The drawings are all for explaining a portable image forming apparatus according to an embodiment of the present invention. FIG. 1 is a perspective view showing a usage mode of the image forming apparatus, and FIGS. 2 and 3 are the image forming apparatus. FIG. 4 is a perspective view of the image reading portion, FIG. 5 is a perspective view of the writing head portion, FIG. 6 is an explanatory view showing the positional relationship of the thermal head, and FIG. A perspective view showing a modified example of the head portion,
8 is an exploded perspective view of the ribbon set, FIG. 9 is a control circuit block diagram, FIG. 10 is a timing chart showing the relationship between the output signal of the reading encoder and the on / off operation of the exposure power supply, and FIG. Flow chart of main routine, Fig. 12 is flow chart of reading width check subroutine, Fig. 13 is flow chart of battery check subroutine, Fig. 14 is flow chart of memory check subroutine, Fig. 15 is repeat switch check subroutine. 16 is a flow chart of the clear switch subroutine, FIG. 17 is a flow chart of the interrupt 1 subroutine, and FIG. 18 is a flow chart of the interrupt 2 subroutine. 2 ... Case body, 3 ... Image reading unit, 4 ... Image writing unit, 5 ... Control unit, 8 ... Reading width designation slide switch, 14 ... Exposure light source, 51 ... Original surface, 16 ...

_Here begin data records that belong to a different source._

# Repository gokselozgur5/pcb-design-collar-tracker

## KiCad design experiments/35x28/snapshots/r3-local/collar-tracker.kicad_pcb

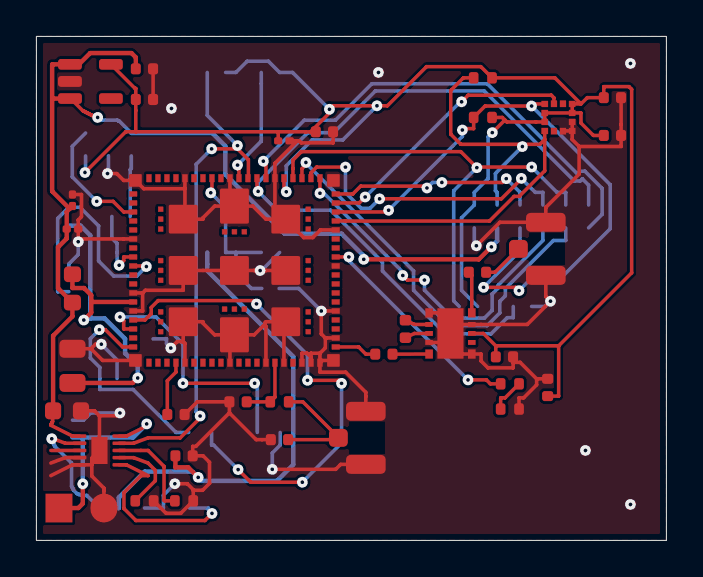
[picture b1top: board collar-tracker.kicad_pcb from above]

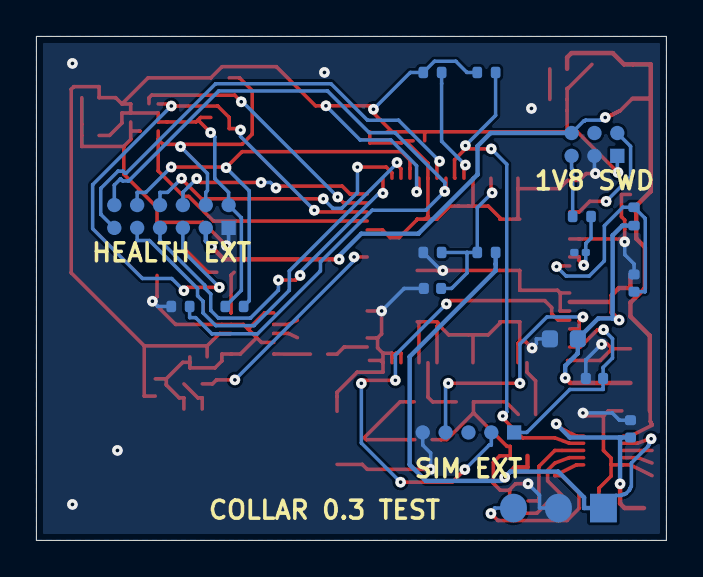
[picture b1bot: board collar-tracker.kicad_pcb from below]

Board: 4 copper layers, 35.0 x 28.0 mm, 53 parts (18 on the bottom side), 42 nets.

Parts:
C1, C2: 1uF /10V; C_0201_0603Metric
C3: 47uF /10V; C_0805_2012Metric
C4, C18: 10uF /10V; C_0603_1608Metric
C5, C8: 100nF; C_0201_0603Metric
C6, C7: 4.7uF; C_0402_1005Metric
C9, C10, C15, C23, C24: 100nF; C_0402_1005Metric
C11, C12: DNP / tune; C_0402_1005Metric
C13, C14: 39pF RF; C_0402_1005Metric
C16, C20, C21: 1uF; C_0402_1005Metric
C17, C19: 1uF /10V; C_0402_1005Metric
C22: 10nF; C_0402_1005Metric
FB1: 22R @100MHz; L_0603_1608Metric
J1: LTE antenna / 50R; U.FL_Hirose_U.FL-R-SMT-1_Vertical
J2: GNSS antenna / passive; U.FL_Hirose_U.FL-R-SMT-1_Vertical
J3: 5V charging input; Solder_1x02_P2.5mm
J4: Protected cell + NTC; Solder_1x03_P2.5mm
J5: DIGITAL health sensor interface; Contact_2x06_P1.27mm
J6: eSIM interface / SKU TBD; Contact_1x05_P1.27mm
J7: SWD / debug; Contact_2x03_P1.27mm
L1: 9.1nH; L_0402_1005Metric
R1, R8, R9: 10k; R_0402_1005Metric
R2, R4: 1k; R_0402_1005Metric
R3: 0R / tune; R_0402_1005Metric
R5, R14, R15: 100k; R_0402_1005Metric
R6: 18k /1%; R_0402_1005Metric
R7: 3k /1%; R_0402_1005Metric
R10: 2M; R_0402_1005Metric
R11: 1M; R_0402_1005Metric
R12, R13: 4.7k; R_0402_1005Metric
U1: nRF9151-LACA; LGA_9151_12.1x11.1mm
U2: SKY65943-11; SKY65943_DK10171
U3: BQ25185DLHR; Texas_DLH0010A_WSON-10-1EP_2.2x2mm_P0.4mm_EP0.9x1.5mm
U4: TPS7A0218PDBVR; SOT-23-5
U5: LIS2DW12TR; LGA-12_2x2mm_P0.5mm

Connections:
/ACC_INT: U1.58, U5.12
/AMP_IN: L1.2, U2.8
/BAT_ADC: C22.1, R10.2, R11.1, U1.73
/BAT_NTC: J4.3, U3.6
/CHG_FAULT: R9.1, U1.70, U3.3
/CHG_STAT: R8.1, U1.69, U3.9
/COEX0: R4.1, U1.52
/DEBUG_RESET: J7.5, R2.2
/DEC0: C7.1, U1.24
/FILT_OUT: L1.1, U2.7
/GND: C1.2, C2.2, C3.2, C4.2, C5.2, C6.2, C7.2, C8.2, C9.2, C10.2, C11.2, C12.2, C15.2, C16.2, C17.2, C18.2, C19.2, C20.2, C21.2, C22.2, C23.2, C24.2, J1.2, J2.2, J3.2, J4.2, J5.1, J6.5, J7.3, R5.2, R6.2, R7.2, R11.2, R15.2, U1.1, U1.7, U1.13, U1.15, U1.20, U1.25, U1.30, U1.34, U1.36, U1.38, U1.39, U1.40, U1.41, U1.43, U1.46, U1.51, U1.55, U1.60, U1.66, U1.71, U1.76, U1.105, U1.106, U1.107, U1.108, U1.109, U1.110, U1.111, U1.112, U1.113, U2.1, U2.4, U2.6, U2.9, U2.11, U3.4, U3.5, U3.11, U4.2, U5.6, U5.7, U5.8
/GNSS_ANT: C14.1, J2.1
/GNSS_FEM_IN: C14.2, U2.5
/GNSS_FEM_OUT: C13.1, U2.10
/GNSS_LNA_EN: R4.2, R5.1, U2.2
/GPS_RF: C13.2, U1.42
/HEALTH_CS: J5.10, R14.1, U1.64
/HEALTH_EN: J5.12, R15.1, U1.68
/HEALTH_INT: J5.6, U1.59
/HEALTH_RESET: J5.11, U1.67
/I2C_SCL: J5.5, R13.1, U1.57, U5.1
/I2C_SDA: J5.4, R12.1, U1.56, U5.4
/ILIM_VSET: R6.1, U3.7
/ISET: R7.1, U3.8
/LTE_ANT: C12.1, J1.1, R3.2
/LTE_RF: C11.1, R3.1, U1.35
/NRF_ENABLE: C9.1, R1.2, U1.10
/NRF_RESET: C8.1, R2.1, U1.9
/SIM_1V8: C10.1, J6.1, U1.19
/SIM_CLK: J6.3, U1.18
/SIM_IO: J6.4, U1.17
/SIM_RST: J6.2, U1.16
/SPI_MISO: J5.9, U1.63
/SPI_MOSI: J5.8, U1.62
/SPI_SCK: J5.7, U1.61
/SWDCLK: J7.4, U1.3
/SWDIO: J7.2, U1.4
/VBAT: C19.1, J4.1, R10.1, U3.2
/VDD_NRF: C3.1, C4.1, FB1.2, R1.1, U1.14
/VIN_5V: C17.1, J3.1, U3.10
/VIO_1V8: C5.1, C6.1, C15.1, C16.1, C21.1, C23.1, C24.1, J5.2, J7.1, R8.2, R9.2, R12.2, R13.2, R14.2, U1.65, U2.3, U4.5, U5.2, U5.3, U5.9, U5.10
/VSYS: C1.1, C2.1, C18.1, C20.1, FB1.1, J5.3, J7.6, U3.1, U4.1, U4.3

… Lens, 17… Photoelectric conversion element, 19… First encoder, 20… First rotation detector, 21… Reading frame, 24… Thermal head, 26… Second encoder, 27
...... Second rotation detector, 28 ...... writing part frame, 30 ...
… Printing ribbon, 30A …… Used printing ribbon, 30B …… Unused printing ribbon, 33 …… Cassette, 45 …… Ribbon storage part, 45A …… Used ribbon storage part, 45B …… Unused ribbon storage part, 49 …… Moveable plate, 51 …… Transparent plate, 61 …… RAM for data memory, 66 …… Reading width 4mm line, 67 …… Reading width 5mm line, 68 …… Reading width 6mm line, 70…
… Reading width 7mm line, 70… reading upper index line.

Claims (2)

[Claims] 1. An image forming apparatus for forming an image using a print ribbon, wherein a transparent window is provided in a part of a casing for accommodating an unused print ribbon and a used print ribbon in one chamber. A moving member is interposed between the used printing ribbon and the used printing ribbon, and the unused amount of the printing ribbon can be seen through the transparent window depending on the position of the moving member in the casing. An image forming apparatus characterized in that 2. In the claim (1),
An image forming apparatus, wherein the color of the moving member is different from the color of the print ribbon.